Task to complete:
Please copy each line in the records below that contains the string "Allg".

━━━━━━

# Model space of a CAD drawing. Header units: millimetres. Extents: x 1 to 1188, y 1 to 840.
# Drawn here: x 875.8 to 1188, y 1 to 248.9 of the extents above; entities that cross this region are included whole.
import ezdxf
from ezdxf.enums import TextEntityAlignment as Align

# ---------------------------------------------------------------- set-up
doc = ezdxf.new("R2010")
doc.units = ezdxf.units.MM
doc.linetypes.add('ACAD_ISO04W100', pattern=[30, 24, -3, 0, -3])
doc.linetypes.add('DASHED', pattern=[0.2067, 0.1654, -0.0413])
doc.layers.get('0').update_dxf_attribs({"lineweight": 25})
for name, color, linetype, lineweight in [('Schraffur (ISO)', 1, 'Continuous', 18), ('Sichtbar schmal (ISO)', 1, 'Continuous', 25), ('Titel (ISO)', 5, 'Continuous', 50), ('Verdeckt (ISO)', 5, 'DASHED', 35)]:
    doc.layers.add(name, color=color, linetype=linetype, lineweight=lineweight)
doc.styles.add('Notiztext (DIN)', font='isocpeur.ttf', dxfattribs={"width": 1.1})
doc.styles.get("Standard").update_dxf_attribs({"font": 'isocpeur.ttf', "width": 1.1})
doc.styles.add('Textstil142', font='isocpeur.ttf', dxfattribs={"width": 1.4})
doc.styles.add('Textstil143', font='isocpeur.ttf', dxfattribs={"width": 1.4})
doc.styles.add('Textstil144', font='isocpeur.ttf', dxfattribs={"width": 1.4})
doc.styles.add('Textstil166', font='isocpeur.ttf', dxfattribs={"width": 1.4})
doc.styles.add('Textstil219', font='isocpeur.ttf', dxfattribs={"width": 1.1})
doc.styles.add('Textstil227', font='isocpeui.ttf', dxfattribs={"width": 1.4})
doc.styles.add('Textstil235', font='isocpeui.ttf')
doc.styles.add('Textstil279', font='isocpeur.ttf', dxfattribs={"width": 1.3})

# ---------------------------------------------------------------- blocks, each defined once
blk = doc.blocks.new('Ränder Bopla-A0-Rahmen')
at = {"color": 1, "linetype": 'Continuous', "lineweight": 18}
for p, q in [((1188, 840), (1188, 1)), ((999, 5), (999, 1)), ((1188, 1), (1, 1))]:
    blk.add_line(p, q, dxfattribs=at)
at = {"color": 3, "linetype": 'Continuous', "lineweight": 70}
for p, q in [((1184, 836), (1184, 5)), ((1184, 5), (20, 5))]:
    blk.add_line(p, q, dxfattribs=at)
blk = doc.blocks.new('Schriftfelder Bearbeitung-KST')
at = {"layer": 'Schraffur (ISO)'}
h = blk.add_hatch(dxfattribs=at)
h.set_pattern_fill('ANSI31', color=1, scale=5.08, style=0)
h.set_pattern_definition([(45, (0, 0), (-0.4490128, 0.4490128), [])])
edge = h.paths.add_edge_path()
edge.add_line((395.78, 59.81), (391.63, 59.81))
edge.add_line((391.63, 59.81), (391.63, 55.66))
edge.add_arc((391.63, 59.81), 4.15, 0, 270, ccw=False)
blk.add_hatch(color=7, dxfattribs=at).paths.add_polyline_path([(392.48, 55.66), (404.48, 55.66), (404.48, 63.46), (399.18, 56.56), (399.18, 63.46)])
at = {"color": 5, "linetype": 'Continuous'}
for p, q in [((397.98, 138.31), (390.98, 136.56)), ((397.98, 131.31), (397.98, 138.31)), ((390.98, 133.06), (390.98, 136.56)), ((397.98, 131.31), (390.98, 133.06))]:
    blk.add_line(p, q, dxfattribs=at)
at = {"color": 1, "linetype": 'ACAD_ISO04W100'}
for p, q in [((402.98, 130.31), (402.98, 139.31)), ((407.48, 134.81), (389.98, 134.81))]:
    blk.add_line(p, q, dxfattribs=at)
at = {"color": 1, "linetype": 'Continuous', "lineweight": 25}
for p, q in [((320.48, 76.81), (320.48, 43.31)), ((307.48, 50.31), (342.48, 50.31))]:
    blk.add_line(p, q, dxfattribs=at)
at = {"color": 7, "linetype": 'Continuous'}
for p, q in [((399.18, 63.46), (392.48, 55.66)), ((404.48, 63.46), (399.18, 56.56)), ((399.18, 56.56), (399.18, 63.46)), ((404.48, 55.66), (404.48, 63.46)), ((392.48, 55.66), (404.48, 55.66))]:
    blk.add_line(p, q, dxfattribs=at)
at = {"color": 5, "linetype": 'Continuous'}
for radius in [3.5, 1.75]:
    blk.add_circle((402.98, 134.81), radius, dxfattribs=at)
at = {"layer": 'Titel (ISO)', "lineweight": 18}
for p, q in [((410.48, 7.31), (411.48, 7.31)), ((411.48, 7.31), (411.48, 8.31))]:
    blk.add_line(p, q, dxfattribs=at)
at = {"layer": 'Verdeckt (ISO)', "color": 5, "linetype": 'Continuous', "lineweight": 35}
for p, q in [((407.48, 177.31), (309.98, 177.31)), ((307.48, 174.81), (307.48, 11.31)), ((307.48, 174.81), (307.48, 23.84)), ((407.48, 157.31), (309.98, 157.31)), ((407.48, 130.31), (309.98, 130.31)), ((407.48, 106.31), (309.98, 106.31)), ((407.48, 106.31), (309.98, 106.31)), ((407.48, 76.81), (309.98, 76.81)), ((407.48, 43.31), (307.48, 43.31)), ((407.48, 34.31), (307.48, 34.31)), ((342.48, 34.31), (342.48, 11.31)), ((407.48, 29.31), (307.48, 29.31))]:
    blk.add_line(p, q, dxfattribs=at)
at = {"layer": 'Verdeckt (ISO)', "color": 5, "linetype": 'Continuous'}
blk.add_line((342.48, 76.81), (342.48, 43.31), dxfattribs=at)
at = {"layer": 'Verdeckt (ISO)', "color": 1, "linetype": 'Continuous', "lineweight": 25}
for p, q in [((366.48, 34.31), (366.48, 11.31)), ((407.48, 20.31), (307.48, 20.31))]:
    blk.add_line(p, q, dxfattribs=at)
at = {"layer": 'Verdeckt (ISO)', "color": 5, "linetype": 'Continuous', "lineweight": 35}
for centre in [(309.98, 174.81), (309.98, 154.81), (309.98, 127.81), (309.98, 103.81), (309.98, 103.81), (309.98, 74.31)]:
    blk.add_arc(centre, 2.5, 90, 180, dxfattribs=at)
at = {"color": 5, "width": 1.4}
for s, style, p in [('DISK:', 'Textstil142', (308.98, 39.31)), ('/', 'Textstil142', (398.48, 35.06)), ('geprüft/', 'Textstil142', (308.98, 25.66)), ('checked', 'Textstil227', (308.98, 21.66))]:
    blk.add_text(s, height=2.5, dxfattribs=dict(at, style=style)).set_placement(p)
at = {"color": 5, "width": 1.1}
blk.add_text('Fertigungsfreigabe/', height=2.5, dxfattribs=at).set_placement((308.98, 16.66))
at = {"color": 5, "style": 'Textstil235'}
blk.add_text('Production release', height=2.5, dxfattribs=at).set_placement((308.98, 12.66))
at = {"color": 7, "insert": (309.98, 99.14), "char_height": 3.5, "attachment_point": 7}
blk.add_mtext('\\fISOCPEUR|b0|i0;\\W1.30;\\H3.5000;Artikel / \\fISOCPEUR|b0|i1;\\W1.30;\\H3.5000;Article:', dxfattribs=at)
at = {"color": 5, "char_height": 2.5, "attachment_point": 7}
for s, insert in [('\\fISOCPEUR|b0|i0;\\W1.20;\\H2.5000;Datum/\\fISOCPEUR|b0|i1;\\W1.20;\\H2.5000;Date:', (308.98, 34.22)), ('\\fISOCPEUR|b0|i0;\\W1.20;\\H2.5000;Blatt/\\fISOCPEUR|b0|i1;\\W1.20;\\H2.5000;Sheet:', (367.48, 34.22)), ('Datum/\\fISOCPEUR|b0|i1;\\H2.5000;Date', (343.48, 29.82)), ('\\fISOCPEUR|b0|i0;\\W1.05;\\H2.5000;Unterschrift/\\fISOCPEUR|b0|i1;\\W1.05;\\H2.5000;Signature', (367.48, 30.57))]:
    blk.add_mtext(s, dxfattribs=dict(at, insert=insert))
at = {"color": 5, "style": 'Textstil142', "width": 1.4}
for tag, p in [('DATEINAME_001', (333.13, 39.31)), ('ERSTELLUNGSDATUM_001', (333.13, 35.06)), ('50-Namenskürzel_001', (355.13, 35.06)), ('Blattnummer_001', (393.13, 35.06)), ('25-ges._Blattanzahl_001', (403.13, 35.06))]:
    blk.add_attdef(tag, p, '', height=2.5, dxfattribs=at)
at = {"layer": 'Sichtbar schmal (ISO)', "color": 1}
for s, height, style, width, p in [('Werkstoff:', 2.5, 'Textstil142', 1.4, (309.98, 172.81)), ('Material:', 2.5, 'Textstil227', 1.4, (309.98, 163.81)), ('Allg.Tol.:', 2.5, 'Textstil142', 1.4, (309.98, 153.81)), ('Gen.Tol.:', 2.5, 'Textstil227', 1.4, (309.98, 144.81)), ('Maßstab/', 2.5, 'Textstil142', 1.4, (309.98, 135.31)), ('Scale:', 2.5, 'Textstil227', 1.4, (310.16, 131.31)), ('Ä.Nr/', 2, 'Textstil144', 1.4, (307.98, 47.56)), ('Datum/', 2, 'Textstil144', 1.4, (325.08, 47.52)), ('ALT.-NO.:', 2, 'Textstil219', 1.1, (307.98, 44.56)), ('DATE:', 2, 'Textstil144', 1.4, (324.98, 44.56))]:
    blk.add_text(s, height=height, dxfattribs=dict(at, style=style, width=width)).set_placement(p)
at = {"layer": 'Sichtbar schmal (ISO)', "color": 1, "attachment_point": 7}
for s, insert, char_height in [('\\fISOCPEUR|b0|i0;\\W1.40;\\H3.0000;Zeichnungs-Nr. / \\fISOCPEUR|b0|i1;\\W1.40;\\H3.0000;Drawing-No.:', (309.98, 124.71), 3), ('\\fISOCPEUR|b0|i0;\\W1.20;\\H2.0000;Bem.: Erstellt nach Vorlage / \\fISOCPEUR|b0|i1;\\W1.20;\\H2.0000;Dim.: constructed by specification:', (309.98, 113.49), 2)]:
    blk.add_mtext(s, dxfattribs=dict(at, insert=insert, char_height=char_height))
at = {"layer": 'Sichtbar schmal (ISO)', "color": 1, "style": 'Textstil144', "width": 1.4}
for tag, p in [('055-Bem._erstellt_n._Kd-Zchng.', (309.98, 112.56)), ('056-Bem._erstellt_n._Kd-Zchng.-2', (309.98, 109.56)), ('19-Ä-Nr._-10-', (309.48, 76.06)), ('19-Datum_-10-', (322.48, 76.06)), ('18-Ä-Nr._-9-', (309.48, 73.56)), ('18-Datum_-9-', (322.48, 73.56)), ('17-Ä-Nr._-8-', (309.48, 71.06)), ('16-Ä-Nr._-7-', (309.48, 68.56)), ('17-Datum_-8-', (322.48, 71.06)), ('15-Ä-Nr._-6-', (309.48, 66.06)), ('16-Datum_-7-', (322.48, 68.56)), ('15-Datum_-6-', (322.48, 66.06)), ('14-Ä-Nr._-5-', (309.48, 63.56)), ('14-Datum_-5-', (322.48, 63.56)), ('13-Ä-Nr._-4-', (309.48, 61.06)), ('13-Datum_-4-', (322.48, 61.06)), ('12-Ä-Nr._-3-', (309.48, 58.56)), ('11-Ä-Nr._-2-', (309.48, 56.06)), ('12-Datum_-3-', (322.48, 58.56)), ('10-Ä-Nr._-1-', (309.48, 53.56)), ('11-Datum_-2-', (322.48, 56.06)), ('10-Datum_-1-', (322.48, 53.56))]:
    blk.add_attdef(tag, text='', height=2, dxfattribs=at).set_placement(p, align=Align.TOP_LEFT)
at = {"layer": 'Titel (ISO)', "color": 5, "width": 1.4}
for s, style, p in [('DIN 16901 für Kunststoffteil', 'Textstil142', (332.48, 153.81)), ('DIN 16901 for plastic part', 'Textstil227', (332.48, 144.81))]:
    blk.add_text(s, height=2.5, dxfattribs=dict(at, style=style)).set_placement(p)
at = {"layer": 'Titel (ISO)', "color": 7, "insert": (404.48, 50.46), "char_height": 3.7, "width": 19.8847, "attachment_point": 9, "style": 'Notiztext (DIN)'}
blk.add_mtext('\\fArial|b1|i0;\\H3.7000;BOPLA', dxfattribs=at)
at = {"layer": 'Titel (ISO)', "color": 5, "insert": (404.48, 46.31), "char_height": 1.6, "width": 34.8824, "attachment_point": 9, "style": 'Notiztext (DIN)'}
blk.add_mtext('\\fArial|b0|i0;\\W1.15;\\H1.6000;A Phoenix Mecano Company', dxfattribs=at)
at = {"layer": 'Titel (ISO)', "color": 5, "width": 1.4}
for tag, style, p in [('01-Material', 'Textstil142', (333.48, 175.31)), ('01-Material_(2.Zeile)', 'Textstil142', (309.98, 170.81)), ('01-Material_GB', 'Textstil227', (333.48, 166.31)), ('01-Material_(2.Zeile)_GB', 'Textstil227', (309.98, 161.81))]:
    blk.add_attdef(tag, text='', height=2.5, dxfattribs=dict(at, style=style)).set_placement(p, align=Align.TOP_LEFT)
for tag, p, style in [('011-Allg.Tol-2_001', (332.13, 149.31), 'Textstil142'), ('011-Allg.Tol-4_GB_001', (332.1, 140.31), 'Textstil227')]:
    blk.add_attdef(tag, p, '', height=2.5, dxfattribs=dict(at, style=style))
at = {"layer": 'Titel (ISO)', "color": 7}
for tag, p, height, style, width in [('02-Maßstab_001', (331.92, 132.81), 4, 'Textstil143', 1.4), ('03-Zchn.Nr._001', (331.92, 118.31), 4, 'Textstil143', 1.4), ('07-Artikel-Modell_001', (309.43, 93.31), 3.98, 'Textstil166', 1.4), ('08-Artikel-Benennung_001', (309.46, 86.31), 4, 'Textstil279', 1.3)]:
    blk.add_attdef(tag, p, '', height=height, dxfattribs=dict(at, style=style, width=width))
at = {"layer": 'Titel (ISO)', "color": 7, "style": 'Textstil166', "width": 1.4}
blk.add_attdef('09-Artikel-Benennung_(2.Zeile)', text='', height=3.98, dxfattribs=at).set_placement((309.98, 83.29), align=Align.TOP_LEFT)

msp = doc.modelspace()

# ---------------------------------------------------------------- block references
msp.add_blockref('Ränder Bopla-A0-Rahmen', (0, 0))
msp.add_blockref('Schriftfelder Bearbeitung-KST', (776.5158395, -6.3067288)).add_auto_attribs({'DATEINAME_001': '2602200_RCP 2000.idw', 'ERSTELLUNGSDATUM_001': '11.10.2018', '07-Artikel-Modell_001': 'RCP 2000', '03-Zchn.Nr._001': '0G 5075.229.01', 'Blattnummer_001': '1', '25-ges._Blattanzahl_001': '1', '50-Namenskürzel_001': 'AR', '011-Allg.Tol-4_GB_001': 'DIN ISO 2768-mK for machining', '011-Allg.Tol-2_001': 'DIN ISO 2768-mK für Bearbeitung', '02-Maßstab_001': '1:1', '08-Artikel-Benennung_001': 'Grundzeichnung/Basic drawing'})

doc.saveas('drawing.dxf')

━━━━━━

Written response:
for s, height, style, width, p in [('Werkstoff:', 2.5, 'Textstil142', 1.4, (309.98, 172.81)), ('Material:', 2.5, 'Textstil227', 1.4, (309.98, 163.81)), ('Allg.Tol.:', 2.5, 'Textstil142', 1.4, (309.98, 153.81)), ('Gen.Tol.:', 2.5, 'Textstil227', 1.4, (309.98, 144.81)), ('Maßstab/', 2.5, 'Textstil142', 1.4, (309.98, 135.31)), ('Scale:', 2.5, 'Textstil227', 1.4, (310.16, 131.31)), ('Ä.Nr/', 2, 'Textstil144', 1.4, (307.98, 47.56)), ('Datum/', 2, 'Textstil144', 1.4, (325.08, 47.52)), ('ALT.-NO.:', 2, 'Textstil219', 1.1, (307.98, 44.56)), ('DATE:', 2, 'Textstil144', 1.4, (324.98, 44.56))]:
for tag, p, style in [('011-Allg.Tol-2_001', (332.13, 149.31), 'Textstil142'), ('011-Allg.Tol-4_GB_001', (332.1, 140.31), 'Textstil227')]:
msp.add_blockref('Schriftfelder Bearbeitung-KST', (776.5158395, -6.3067288)).add_auto_attribs({'DATEINAME_001': '2602200_RCP 2000.idw', 'ERSTELLUNGSDATUM_001': '11.10.2018', '07-Artikel-Modell_001': 'RCP 2000', '03-Zchn.Nr._001': '0G 5075.229.01', 'Blattnummer_001': '1', '25-ges._Blattanzahl_001': '1', '50-Namenskürzel_001': 'AR', '011-Allg.Tol-4_GB_001': 'DIN ISO 2768-mK for machining', '011-Allg.Tol-2_001': 'DIN ISO 2768-mK für Bearbeitung', '02-Maßstab_001': '1:1', '08-Artikel-Benennung_001': 'Grundzeichnung/Basic drawing'})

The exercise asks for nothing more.